Stored items from a collection:
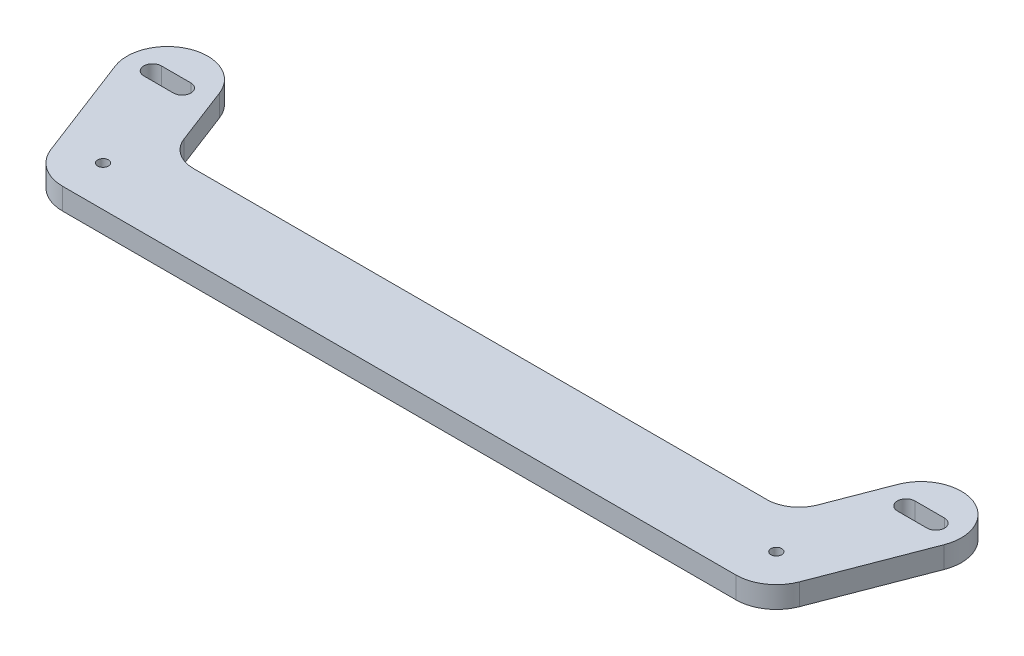
ISO-10303-21;
HEADER;
FILE_DESCRIPTION(('STEP AP214'),'2;1');
FILE_NAME('part.step','',(''),(''),'','','');
FILE_SCHEMA(('AUTOMOTIVE_DESIGN { 1 0 10303 214 1 1 1 1 }'));
ENDSEC;
DATA;
#1=APPLICATION_CONTEXT('core data for automotive mechanical design processes');
#2=APPLICATION_PROTOCOL_DEFINITION('international standard','automotive_design',2000,#1);
#3=PRODUCT_CONTEXT('',#1,'mechanical');
#4=PRODUCT('Part','Part','',(#3));
#5=PRODUCT_RELATED_PRODUCT_CATEGORY('part','',(#4));
#6=PRODUCT_DEFINITION_FORMATION('','',#4);
#7=PRODUCT_DEFINITION_CONTEXT('part definition',#1,'design');
#8=PRODUCT_DEFINITION('design','',#6,#7);
#9=PRODUCT_DEFINITION_SHAPE('','',#8);
#10=(LENGTH_UNIT() NAMED_UNIT(*) SI_UNIT(.MILLI.,.METRE.));
#11=(NAMED_UNIT(*) PLANE_ANGLE_UNIT() SI_UNIT($,.RADIAN.));
#12=(NAMED_UNIT(*) SI_UNIT($,.STERADIAN.) SOLID_ANGLE_UNIT());
#13=UNCERTAINTY_MEASURE_WITH_UNIT(LENGTH_MEASURE(1.E-05),#10,'distance_accuracy_value','');
#14=(GEOMETRIC_REPRESENTATION_CONTEXT(3) GLOBAL_UNCERTAINTY_ASSIGNED_CONTEXT((#13)) GLOBAL_UNIT_ASSIGNED_CONTEXT((#10,
#11,#12)) REPRESENTATION_CONTEXT('',''));
#15=CARTESIAN_POINT('',(0.,0.,0.));
#16=DIRECTION('',(0.,0.,1.));
#17=DIRECTION('',(1.,0.,0.));
#18=AXIS2_PLACEMENT_3D('',#15,#16,#17);
#19=CARTESIAN_POINT('',(106.4461265116,8.,-128.6));
#20=DIRECTION('',(0.,1.,0.));
#21=DIRECTION('',(0.,0.,1.));
#22=AXIS2_PLACEMENT_3D('',#19,#20,#21);
#23=PLANE('',#22);
#24=CARTESIAN_POINT('',(-125.,8.,-101.6));
#25=DIRECTION('',(0.,1.,0.));
#26=DIRECTION('',(0.,0.,1.));
#27=AXIS2_PLACEMENT_3D('',#24,#25,#26);
#28=CIRCLE('',#27,2.);
#29=CARTESIAN_POINT('',(-125.,8.,-99.6));
#30=VERTEX_POINT('',#29);
#31=EDGE_CURVE('E212',#30,#30,#28,.T.);
#32=ORIENTED_EDGE('',*,*,#31,.F.);
#33=EDGE_LOOP('',(#32));
#34=FACE_BOUND('',#33,.T.);
#35=CARTESIAN_POINT('',(106.4461265116,8.,-128.6));
#36=DIRECTION('',(0.,-1.,0.));
#37=DIRECTION('',(0.,0.,1.));
#38=AXIS2_PLACEMENT_3D('',#35,#36,#37);
#39=CIRCLE('',#38,12.);
#40=CARTESIAN_POINT('',(117.648504661635,8.,-124.298055813517));
#41=VERTEX_POINT('',#40);
#42=CARTESIAN_POINT('',(106.4461265116,8.,-116.6));
#43=VERTEX_POINT('',#42);
#44=EDGE_CURVE('E271',#41,#43,#39,.T.);
#45=ORIENTED_EDGE('',*,*,#44,.T.);
#46=DIRECTION('',(-1.,0.,0.));
#47=VECTOR('',#46,1.);
#48=CARTESIAN_POINT('',(-106.4461265116,8.,-116.6));
#49=LINE('',#48,#47);
#50=CARTESIAN_POINT('',(-106.4461265116,8.,-116.6));
#51=VERTEX_POINT('',#50);
#52=EDGE_CURVE('E275',#43,#51,#49,.T.);
#53=ORIENTED_EDGE('',*,*,#52,.T.);
#54=CARTESIAN_POINT('',(-106.4461265116,8.,-128.6));
#55=DIRECTION('',(0.,-1.,0.));
#56=DIRECTION('',(0.,0.,-1.));
#57=AXIS2_PLACEMENT_3D('',#54,#55,#56);
#58=CIRCLE('',#57,12.);
#59=CARTESIAN_POINT('',(-117.648504661636,8.,-124.298055813517));
#60=VERTEX_POINT('',#59);
#61=EDGE_CURVE('E279',#51,#60,#58,.T.);
#62=ORIENTED_EDGE('',*,*,#61,.T.);
#63=DIRECTION('',(-0.358495348873552,0.,-0.933531512502942));
#64=VECTOR('',#63,1.);
#65=CARTESIAN_POINT('',(-125.897027312456,8.,-145.777430233103));
#66=LINE('',#65,#64);
#67=CARTESIAN_POINT('',(-125.897027312456,8.,-145.777430233103));
#68=VERTEX_POINT('',#67);
#69=EDGE_CURVE('E282',#60,#68,#66,.T.);
#70=ORIENTED_EDGE('',*,*,#69,.T.);
#71=CARTESIAN_POINT('',(-139.9,8.,-140.4));
#72=DIRECTION('',(0.,1.,0.));
#73=DIRECTION('',(0.,0.,1.));
#74=AXIS2_PLACEMENT_3D('',#71,#72,#73);
#75=CIRCLE('',#74,15.);
#76=CARTESIAN_POINT('',(-153.902972687544,8.,-135.022569766897));
#77=VERTEX_POINT('',#76);
#78=EDGE_CURVE('E285',#68,#77,#75,.T.);
#79=ORIENTED_EDGE('',*,*,#78,.T.);
#80=DIRECTION('',(0.358495348873553,0.,0.933531512502941));
#81=VECTOR('',#80,1.);
#82=CARTESIAN_POINT('',(-153.902972687544,8.,-135.022569766897));
#83=LINE('',#82,#81);
#84=CARTESIAN_POINT('',(-139.002972687544,8.,-96.2225697668968));
#85=VERTEX_POINT('',#84);
#86=EDGE_CURVE('E288',#77,#85,#83,.T.);
#87=ORIENTED_EDGE('',*,*,#86,.T.);
#88=CARTESIAN_POINT('',(-125.,8.,-101.6));
#89=DIRECTION('',(0.,1.,0.));
#90=DIRECTION('',(0.,0.,1.));
#91=AXIS2_PLACEMENT_3D('',#88,#89,#90);
#92=CIRCLE('',#91,15.);
#93=CARTESIAN_POINT('',(-125.,8.,-86.6));
#94=VERTEX_POINT('',#93);
#95=EDGE_CURVE('E291',#85,#94,#92,.T.);
#96=ORIENTED_EDGE('',*,*,#95,.T.);
#97=DIRECTION('',(1.,0.,0.));
#98=VECTOR('',#97,1.);
#99=CARTESIAN_POINT('',(125.,8.,-86.6000000000001));
#100=LINE('',#99,#98);
#101=CARTESIAN_POINT('',(125.,8.,-86.6000000000001));
#102=VERTEX_POINT('',#101);
#103=EDGE_CURVE('E294',#94,#102,#100,.T.);
#104=ORIENTED_EDGE('',*,*,#103,.T.);
#105=CARTESIAN_POINT('',(125.,8.,-101.6));
#106=DIRECTION('',(0.,1.,0.));
#107=DIRECTION('',(0.,0.,1.));
#108=AXIS2_PLACEMENT_3D('',#105,#106,#107);
#109=CIRCLE('',#108,15.);
#110=CARTESIAN_POINT('',(139.002972687544,8.,-96.2225697668967));
#111=VERTEX_POINT('',#110);
#112=EDGE_CURVE('E297',#102,#111,#109,.T.);
#113=ORIENTED_EDGE('',*,*,#112,.T.);
#114=DIRECTION('',(0.358495348873553,0.,-0.933531512502941));
#115=VECTOR('',#114,1.);
#116=CARTESIAN_POINT('',(139.002972687544,8.,-96.2225697668967));
#117=LINE('',#116,#115);
#118=CARTESIAN_POINT('',(153.902972687544,8.,-135.022569766897));
#119=VERTEX_POINT('',#118);
#120=EDGE_CURVE('E300',#111,#119,#117,.T.);
#121=ORIENTED_EDGE('',*,*,#120,.T.);
#122=CARTESIAN_POINT('',(139.9,8.,-140.4));
#123=DIRECTION('',(0.,1.,0.));
#124=DIRECTION('',(0.,0.,1.));
#125=AXIS2_PLACEMENT_3D('',#122,#123,#124);
#126=CIRCLE('',#125,15.);
#127=CARTESIAN_POINT('',(125.897027312456,8.,-145.777430233103));
#128=VERTEX_POINT('',#127);
#129=EDGE_CURVE('E303',#119,#128,#126,.T.);
#130=ORIENTED_EDGE('',*,*,#129,.T.);
#131=DIRECTION('',(-0.358495348873552,0.,0.933531512502942));
#132=VECTOR('',#131,1.);
#133=CARTESIAN_POINT('',(117.648504661635,8.,-124.298055813517));
#134=LINE('',#133,#132);
#135=EDGE_CURVE('E306',#128,#41,#134,.T.);
#136=ORIENTED_EDGE('',*,*,#135,.T.);
#137=EDGE_LOOP('',(#45,#53,#62,#70,#79,#87,#96,#104,#113,#121,#130,#136));
#138=FACE_BOUND('',#137,.T.);
#139=DIRECTION('',(1.,0.,0.));
#140=VECTOR('',#139,1.);
#141=CARTESIAN_POINT('',(-145.4,8.,-137.15));
#142=LINE('',#141,#140);
#143=CARTESIAN_POINT('',(-145.4,8.,-137.15));
#144=VERTEX_POINT('',#143);
#145=CARTESIAN_POINT('',(-134.4,8.,-137.15));
#146=VERTEX_POINT('',#145);
#147=EDGE_CURVE('E231',#144,#146,#142,.T.);
#148=ORIENTED_EDGE('',*,*,#147,.F.);
#149=CARTESIAN_POINT('',(-145.4,8.,-140.4));
#150=DIRECTION('',(0.,1.,0.));
#151=DIRECTION('',(0.,0.,1.));
#152=AXIS2_PLACEMENT_3D('',#149,#150,#151);
#153=CIRCLE('',#152,3.25);
#154=CARTESIAN_POINT('',(-145.4,8.,-143.65));
#155=VERTEX_POINT('',#154);
#156=EDGE_CURVE('E228',#155,#144,#153,.T.);
#157=ORIENTED_EDGE('',*,*,#156,.F.);
#158=DIRECTION('',(-1.,0.,0.));
#159=VECTOR('',#158,1.);
#160=CARTESIAN_POINT('',(-145.4,8.,-143.65));
#161=LINE('',#160,#159);
#162=CARTESIAN_POINT('',(-134.4,8.,-143.65));
#163=VERTEX_POINT('',#162);
#164=EDGE_CURVE('E239',#163,#155,#161,.T.);
#165=ORIENTED_EDGE('',*,*,#164,.F.);
#166=CARTESIAN_POINT('',(-134.4,8.,-140.4));
#167=DIRECTION('',(0.,1.,0.));
#168=DIRECTION('',(0.,0.,1.));
#169=AXIS2_PLACEMENT_3D('',#166,#167,#168);
#170=CIRCLE('',#169,3.25);
#171=EDGE_CURVE('E235',#146,#163,#170,.T.);
#172=ORIENTED_EDGE('',*,*,#171,.F.);
#173=EDGE_LOOP('',(#148,#157,#165,#172));
#174=FACE_BOUND('',#173,.T.);
#175=DIRECTION('',(-1.,0.,0.));
#176=VECTOR('',#175,1.);
#177=CARTESIAN_POINT('',(145.4,8.,-143.65));
#178=LINE('',#177,#176);
#179=CARTESIAN_POINT('',(145.4,8.,-143.65));
#180=VERTEX_POINT('',#179);
#181=CARTESIAN_POINT('',(134.4,8.,-143.65));
#182=VERTEX_POINT('',#181);
#183=EDGE_CURVE('E186',#180,#182,#178,.T.);
#184=ORIENTED_EDGE('',*,*,#183,.F.);
#185=CARTESIAN_POINT('',(145.4,8.,-140.4));
#186=DIRECTION('',(0.,1.,0.));
#187=DIRECTION('',(0.,0.,1.));
#188=AXIS2_PLACEMENT_3D('',#185,#186,#187);
#189=CIRCLE('',#188,3.25);
#190=CARTESIAN_POINT('',(145.4,8.,-137.15));
#191=VERTEX_POINT('',#190);
#192=EDGE_CURVE('E177',#191,#180,#189,.T.);
#193=ORIENTED_EDGE('',*,*,#192,.F.);
#194=DIRECTION('',(1.,0.,0.));
#195=VECTOR('',#194,1.);
#196=CARTESIAN_POINT('',(145.4,8.,-137.15));
#197=LINE('',#196,#195);
#198=CARTESIAN_POINT('',(134.4,8.,-137.15));
#199=VERTEX_POINT('',#198);
#200=EDGE_CURVE('E204',#199,#191,#197,.T.);
#201=ORIENTED_EDGE('',*,*,#200,.F.);
#202=CARTESIAN_POINT('',(134.4,8.,-140.4));
#203=DIRECTION('',(0.,1.,0.));
#204=DIRECTION('',(0.,0.,1.));
#205=AXIS2_PLACEMENT_3D('',#202,#203,#204);
#206=CIRCLE('',#205,3.25);
#207=EDGE_CURVE('E200',#182,#199,#206,.T.);
#208=ORIENTED_EDGE('',*,*,#207,.F.);
#209=EDGE_LOOP('',(#184,#193,#201,#208));
#210=FACE_BOUND('',#209,.T.);
#211=CARTESIAN_POINT('',(125.,8.,-101.6));
#212=DIRECTION('',(0.,1.,0.));
#213=DIRECTION('',(0.,0.,1.));
#214=AXIS2_PLACEMENT_3D('',#211,#212,#213);
#215=CIRCLE('',#214,1.99999999999998);
#216=CARTESIAN_POINT('',(125.,8.,-99.6));
#217=VERTEX_POINT('',#216);
#218=EDGE_CURVE('E658',#217,#217,#215,.T.);
#219=ORIENTED_EDGE('',*,*,#218,.F.);
#220=EDGE_LOOP('',(#219));
#221=FACE_BOUND('',#220,.T.);
#222=ADVANCED_FACE('F39',(#34,#138,#174,#210,#221),#23,.T.);
#223=CARTESIAN_POINT('',(106.4461265116,0.,-128.6));
#224=DIRECTION('',(0.,1.,0.));
#225=DIRECTION('',(0.,0.,1.));
#226=AXIS2_PLACEMENT_3D('',#223,#224,#225);
#227=PLANE('',#226);
#228=CARTESIAN_POINT('',(-145.4,0.,-140.4));
#229=DIRECTION('',(0.,1.,0.));
#230=DIRECTION('',(0.,0.,1.));
#231=AXIS2_PLACEMENT_3D('',#228,#229,#230);
#232=CIRCLE('',#231,3.25);
#233=CARTESIAN_POINT('',(-145.4,0.,-143.65));
#234=VERTEX_POINT('',#233);
#235=CARTESIAN_POINT('',(-145.4,0.,-137.15));
#236=VERTEX_POINT('',#235);
#237=EDGE_CURVE('E195',#234,#236,#232,.T.);
#238=ORIENTED_EDGE('',*,*,#237,.T.);
#239=DIRECTION('',(1.,0.,0.));
#240=VECTOR('',#239,1.);
#241=CARTESIAN_POINT('',(-145.4,0.,-137.15));
#242=LINE('',#241,#240);
#243=CARTESIAN_POINT('',(-134.4,0.,-137.15));
#244=VERTEX_POINT('',#243);
#245=EDGE_CURVE('E246',#236,#244,#242,.T.);
#246=ORIENTED_EDGE('',*,*,#245,.T.);
#247=CARTESIAN_POINT('',(-134.4,0.,-140.4));
#248=DIRECTION('',(0.,1.,0.));
#249=DIRECTION('',(0.,0.,1.));
#250=AXIS2_PLACEMENT_3D('',#247,#248,#249);
#251=CIRCLE('',#250,3.25);
#252=CARTESIAN_POINT('',(-134.4,0.,-143.65));
#253=VERTEX_POINT('',#252);
#254=EDGE_CURVE('E250',#244,#253,#251,.T.);
#255=ORIENTED_EDGE('',*,*,#254,.T.);
#256=DIRECTION('',(-1.,0.,0.));
#257=VECTOR('',#256,1.);
#258=CARTESIAN_POINT('',(-145.4,0.,-143.65));
#259=LINE('',#258,#257);
#260=EDGE_CURVE('E232',#253,#234,#259,.T.);
#261=ORIENTED_EDGE('',*,*,#260,.T.);
#262=EDGE_LOOP('',(#238,#246,#255,#261));
#263=FACE_BOUND('',#262,.T.);
#264=CARTESIAN_POINT('',(106.4461265116,0.,-128.6));
#265=DIRECTION('',(0.,-1.,0.));
#266=DIRECTION('',(0.,0.,1.));
#267=AXIS2_PLACEMENT_3D('',#264,#265,#266);
#268=CIRCLE('',#267,12.);
#269=CARTESIAN_POINT('',(117.648504661635,0.,-124.298055813517));
#270=VERTEX_POINT('',#269);
#271=CARTESIAN_POINT('',(106.4461265116,0.,-116.6));
#272=VERTEX_POINT('',#271);
#273=EDGE_CURVE('E270',#270,#272,#268,.T.);
#274=ORIENTED_EDGE('',*,*,#273,.F.);
#275=DIRECTION('',(-0.358495348873552,0.,0.933531512502942));
#276=VECTOR('',#275,1.);
#277=CARTESIAN_POINT('',(117.648504661635,0.,-124.298055813517));
#278=LINE('',#277,#276);
#279=CARTESIAN_POINT('',(125.897027312456,0.,-145.777430233103));
#280=VERTEX_POINT('',#279);
#281=EDGE_CURVE('E276',#280,#270,#278,.T.);
#282=ORIENTED_EDGE('',*,*,#281,.F.);
#283=CARTESIAN_POINT('',(139.9,0.,-140.4));
#284=DIRECTION('',(0.,1.,0.));
#285=DIRECTION('',(0.,0.,1.));
#286=AXIS2_PLACEMENT_3D('',#283,#284,#285);
#287=CIRCLE('',#286,15.);
#288=CARTESIAN_POINT('',(153.902972687544,0.,-135.022569766897));
#289=VERTEX_POINT('',#288);
#290=EDGE_CURVE('E340',#289,#280,#287,.T.);
#291=ORIENTED_EDGE('',*,*,#290,.F.);
#292=DIRECTION('',(0.358495348873553,0.,-0.933531512502941));
#293=VECTOR('',#292,1.);
#294=CARTESIAN_POINT('',(139.002972687544,0.,-96.2225697668967));
#295=LINE('',#294,#293);
#296=CARTESIAN_POINT('',(139.002972687544,0.,-96.2225697668967));
#297=VERTEX_POINT('',#296);
#298=EDGE_CURVE('E337',#297,#289,#295,.T.);
#299=ORIENTED_EDGE('',*,*,#298,.F.);
#300=CARTESIAN_POINT('',(125.,0.,-101.6));
#301=DIRECTION('',(0.,1.,0.));
#302=DIRECTION('',(0.,0.,1.));
#303=AXIS2_PLACEMENT_3D('',#300,#301,#302);
#304=CIRCLE('',#303,15.);
#305=CARTESIAN_POINT('',(125.,0.,-86.6000000000001));
#306=VERTEX_POINT('',#305);
#307=EDGE_CURVE('E334',#306,#297,#304,.T.);
#308=ORIENTED_EDGE('',*,*,#307,.F.);
#309=DIRECTION('',(1.,0.,0.));
#310=VECTOR('',#309,1.);
#311=CARTESIAN_POINT('',(125.,0.,-86.6000000000001));
#312=LINE('',#311,#310);
#313=CARTESIAN_POINT('',(-125.,0.,-86.6));
#314=VERTEX_POINT('',#313);
#315=EDGE_CURVE('E331',#314,#306,#312,.T.);
#316=ORIENTED_EDGE('',*,*,#315,.F.);
#317=CARTESIAN_POINT('',(-125.,0.,-101.6));
#318=DIRECTION('',(0.,1.,0.));
#319=DIRECTION('',(0.,0.,1.));
#320=AXIS2_PLACEMENT_3D('',#317,#318,#319);
#321=CIRCLE('',#320,15.);
#322=CARTESIAN_POINT('',(-139.002972687544,0.,-96.2225697668968));
#323=VERTEX_POINT('',#322);
#324=EDGE_CURVE('E328',#323,#314,#321,.T.);
#325=ORIENTED_EDGE('',*,*,#324,.F.);
#326=DIRECTION('',(0.358495348873553,0.,0.933531512502941));
#327=VECTOR('',#326,1.);
#328=CARTESIAN_POINT('',(-153.902972687544,0.,-135.022569766897));
#329=LINE('',#328,#327);
#330=CARTESIAN_POINT('',(-153.902972687544,0.,-135.022569766897));
#331=VERTEX_POINT('',#330);
#332=EDGE_CURVE('E325',#331,#323,#329,.T.);
#333=ORIENTED_EDGE('',*,*,#332,.F.);
#334=CARTESIAN_POINT('',(-139.9,0.,-140.4));
#335=DIRECTION('',(0.,1.,0.));
#336=DIRECTION('',(0.,0.,1.));
#337=AXIS2_PLACEMENT_3D('',#334,#335,#336);
#338=CIRCLE('',#337,15.);
#339=CARTESIAN_POINT('',(-125.897027312456,0.,-145.777430233103));
#340=VERTEX_POINT('',#339);
#341=EDGE_CURVE('E322',#340,#331,#338,.T.);
#342=ORIENTED_EDGE('',*,*,#341,.F.);
#343=DIRECTION('',(-0.358495348873552,0.,-0.933531512502942));
#344=VECTOR('',#343,1.);
#345=CARTESIAN_POINT('',(-125.897027312456,0.,-145.777430233103));
#346=LINE('',#345,#344);
#347=CARTESIAN_POINT('',(-117.648504661636,0.,-124.298055813517));
#348=VERTEX_POINT('',#347);
#349=EDGE_CURVE('E319',#348,#340,#346,.T.);
#350=ORIENTED_EDGE('',*,*,#349,.F.);
#351=CARTESIAN_POINT('',(-106.4461265116,0.,-128.6));
#352=DIRECTION('',(0.,-1.,0.));
#353=DIRECTION('',(0.,0.,-1.));
#354=AXIS2_PLACEMENT_3D('',#351,#352,#353);
#355=CIRCLE('',#354,12.);
#356=CARTESIAN_POINT('',(-106.4461265116,0.,-116.6));
#357=VERTEX_POINT('',#356);
#358=EDGE_CURVE('E316',#357,#348,#355,.T.);
#359=ORIENTED_EDGE('',*,*,#358,.F.);
#360=DIRECTION('',(-1.,0.,0.));
#361=VECTOR('',#360,1.);
#362=CARTESIAN_POINT('',(-106.4461265116,0.,-116.6));
#363=LINE('',#362,#361);
#364=EDGE_CURVE('E313',#272,#357,#363,.T.);
#365=ORIENTED_EDGE('',*,*,#364,.F.);
#366=EDGE_LOOP('',(#274,#282,#291,#299,#308,#316,#325,#333,#342,#350,#359,#365));
#367=FACE_BOUND('',#366,.T.);
#368=CARTESIAN_POINT('',(145.4,0.,-140.4));
#369=DIRECTION('',(0.,1.,0.));
#370=DIRECTION('',(0.,0.,1.));
#371=AXIS2_PLACEMENT_3D('',#368,#369,#370);
#372=CIRCLE('',#371,3.25);
#373=CARTESIAN_POINT('',(145.4,0.,-137.15));
#374=VERTEX_POINT('',#373);
#375=CARTESIAN_POINT('',(145.4,0.,-143.65));
#376=VERTEX_POINT('',#375);
#377=EDGE_CURVE('E63',#374,#376,#372,.T.);
#378=ORIENTED_EDGE('',*,*,#377,.T.);
#379=DIRECTION('',(-1.,0.,0.));
#380=VECTOR('',#379,1.);
#381=CARTESIAN_POINT('',(145.4,0.,-143.65));
#382=LINE('',#381,#380);
#383=CARTESIAN_POINT('',(134.4,0.,-143.65));
#384=VERTEX_POINT('',#383);
#385=EDGE_CURVE('E193',#376,#384,#382,.T.);
#386=ORIENTED_EDGE('',*,*,#385,.T.);
#387=CARTESIAN_POINT('',(134.4,0.,-140.4));
#388=DIRECTION('',(0.,1.,0.));
#389=DIRECTION('',(0.,0.,1.));
#390=AXIS2_PLACEMENT_3D('',#387,#388,#389);
#391=CIRCLE('',#390,3.25);
#392=CARTESIAN_POINT('',(134.4,0.,-137.15));
#393=VERTEX_POINT('',#392);
#394=EDGE_CURVE('E215',#384,#393,#391,.T.);
#395=ORIENTED_EDGE('',*,*,#394,.T.);
#396=DIRECTION('',(1.,0.,0.));
#397=VECTOR('',#396,1.);
#398=CARTESIAN_POINT('',(145.4,0.,-137.15));
#399=LINE('',#398,#397);
#400=EDGE_CURVE('E187',#393,#374,#399,.T.);
#401=ORIENTED_EDGE('',*,*,#400,.T.);
#402=EDGE_LOOP('',(#378,#386,#395,#401));
#403=FACE_BOUND('',#402,.T.);
#404=CARTESIAN_POINT('',(-125.,0.,-101.6));
#405=DIRECTION('',(0.,1.,0.));
#406=DIRECTION('',(0.,0.,1.));
#407=AXIS2_PLACEMENT_3D('',#404,#405,#406);
#408=CIRCLE('',#407,2.);
#409=CARTESIAN_POINT('',(-125.,0.,-99.6));
#410=VERTEX_POINT('',#409);
#411=EDGE_CURVE('E666',#410,#410,#408,.T.);
#412=ORIENTED_EDGE('',*,*,#411,.T.);
#413=EDGE_LOOP('',(#412));
#414=FACE_BOUND('',#413,.T.);
#415=CARTESIAN_POINT('',(125.,0.,-101.6));
#416=DIRECTION('',(0.,1.,0.));
#417=DIRECTION('',(0.,0.,1.));
#418=AXIS2_PLACEMENT_3D('',#415,#416,#417);
#419=CIRCLE('',#418,1.99999999999998);
#420=CARTESIAN_POINT('',(125.,0.,-99.6));
#421=VERTEX_POINT('',#420);
#422=EDGE_CURVE('E661',#421,#421,#419,.T.);
#423=ORIENTED_EDGE('',*,*,#422,.T.);
#424=EDGE_LOOP('',(#423));
#425=FACE_BOUND('',#424,.T.);
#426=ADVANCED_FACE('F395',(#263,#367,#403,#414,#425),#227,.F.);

■ EXERCISE GOAL: The answer is the lines above between the line holding "#257=VECTOR('',#256,1.);" and the line holding "#263=FACE_BOUND('',#262,.T.);", inclusive, each written out exactly, and no others.

■ FINAL ANSWER:
#257=VECTOR('',#256,1.);
#258=CARTESIAN_POINT('',(-145.4,0.,-143.65));
#259=LINE('',#258,#257);
#260=EDGE_CURVE('E232',#253,#234,#259,.T.);
#261=ORIENTED_EDGE('',*,*,#260,.T.);
#262=EDGE_LOOP('',(#238,#246,#255,#261));
#263=FACE_BOUND('',#262,.T.);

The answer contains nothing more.